How to use an Insulin Pen?
Insulin is an important medication in the treatment of diabetes. Insulin pens allow for an easy and convenient way to accurately give insulin injections to control diabetes. Most diabetic patients prescribed to receive insulin for the first time often ask how to use an insulin pen. With special instructions recommended by most certified diabetes educators and caregivers is the following instructional steps on how to use a diabetic pen.
Prep your pen. First you wash your hands with some soap and water and then remove the pen cover. Take your alcohol swab and clean off the rubber stopper. Depending on your insulin type (could be mixed or clear), if it is cloudy (mixed insulin), you’ll need to roll (not shake) the pen in your hands until it has a consistent appearance. Then you take your pen needle and remove the paper taps, push it onto your pen and twist to secure. Dial to a dose of 2 units to prime any air pockets out that might be in the cartridge. Point the needle in the air, tap the pen on the side, remove the outer and inner covers of the needle and press on the dose knob to see some insulin come out the end.
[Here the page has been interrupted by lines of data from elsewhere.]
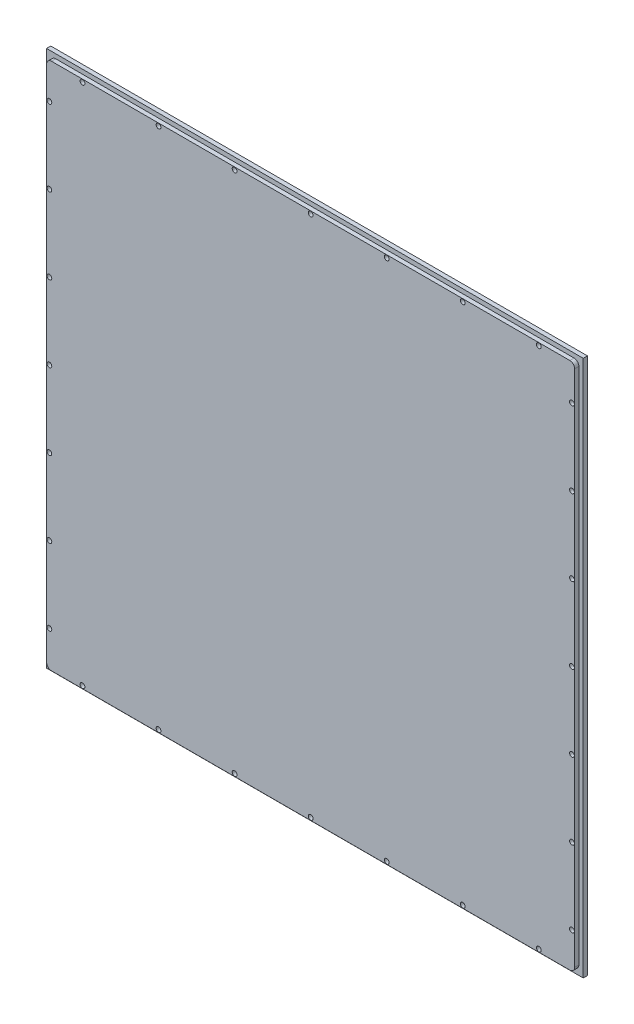
from build123d import *

# Parameters (mm, degrees)
ESQUISSE1_W                                    = 381
ESQUISSE1_H                                    = 381
BOSS_EXTRU_1_DEPTH                             = 3
BOSS_EXTRU_2_DEPTH                             = 3
FRAISAGE_POUR_VIS_T_TE_FRAIS_E_M31_D           = 3.4
FRAISAGE_POUR_VIS_T_TE_FRAIS_E_M31_CSINK_D     = 6.3
FRAISAGE_POUR_VIS_T_TE_FRAIS_E_M31_CSINK_ANGLE = 90


with BuildPart() as part:
    # Esquisse1 → Boss.-Extru.1 (new body)
    with BuildSketch(Plane.XY):
        with Locations((190.5, 190.5)):
            Rectangle(ESQUISSE1_W, ESQUISSE1_H)
    extrude(amount=BOSS_EXTRU_1_DEPTH)

    # Esquisse2 → Boss.-Extru.2 (add)
    with BuildSketch(Plane.XY.offset(3)):
        with BuildLine():
            Line((6.5, 3.1), (374.5, 3.1))
            ThreePointArc((374.5, 3.1), (376.904163056, 4.095836944), (377.9, 6.5))
            Line((377.9, 6.5), (377.9, 374.5))
            ThreePointArc((377.9, 374.5), (376.904163056, 376.904163056), (374.5, 377.9))
            Line((374.5, 377.9), (6.5, 377.9))
            ThreePointArc((6.5, 377.9), (4.095836944, 376.904163056), (3.1, 374.5))
            Line((3.1, 374.5), (3.1, 6.5))
            ThreePointArc((3.1, 6.5), (4.095836944, 4.095836944), (6.5, 3.1))
        make_face()
    extrude(amount=BOSS_EXTRU_2_DEPTH)

    # Fraisage pour vis à tête fraisée M31 (through all)
    with Locations(Plane(origin=(0, 0, 0), x_dir=(-1, 0, 0), z_dir=(0, 0, -1))):
        with Locations((-28.5, 5), (-82.5, 5), (-136.5, 5), (-190.5, 5), (-244.5, 5), (-298.5, 5), (-352.5, 5), (-376, 28.5), (-376, 82.5), (-376, 136.5), (-376, 190.5), (-376, 244.5), (-376, 298.5), (-376, 352.5), (-352.5, 376), (-298.5, 376), (-244.5, 376), (-190.5, 376), (-136.5, 376), (-82.5, 376), (-28.5, 376), (-5, 352.5), (-5, 298.5), (-5, 244.5), (-5, 190.5), (-5, 136.5), (-5, 82.5), (-5, 28.5)):
            CounterSinkHole(FRAISAGE_POUR_VIS_T_TE_FRAIS_E_M31_D / 2, FRAISAGE_POUR_VIS_T_TE_FRAIS_E_M31_CSINK_D / 2, counter_sink_angle=FRAISAGE_POUR_VIS_T_TE_FRAIS_E_M31_CSINK_ANGLE)


solid = part.part

- Dial the dose your doctor prescribed.
- Find a good spot to take your injection. The belly works best, staying 2 inches away from the belly button. You can also use the upper back part of your arm, the top of your thigh, or your buttocks. Rotate your injection site one inch from the last one you that you used.
- Wipe the injection area with an alcohol swab.
- Curl your fingers around the upper end of your pen keeping your thumb above the dose knob.
- Pinch the area of skin with your free hand.
- Insert the needle in a 90 degree angle with the dose window facing you.
- Release the pinch and then as you press down on the dose knob, once you see it go back to zero, you’re going to count to 10 seconds.
- Pull the needle straight out.
- Use the same alcohol wipe to clean the area.
Needle disposal. Take your outer needle cover, click it on the needle, twist it out and dispose of it in an empty medicine or bleach bottle, something fit plastic with a twist-on lid to secure it. And always cover your pen back up with its outer cap.
It is always important to ask your doctor, pharmacist or certified diabetes educator on how to store and maintain your particular type of insulin and any other questions about the pen.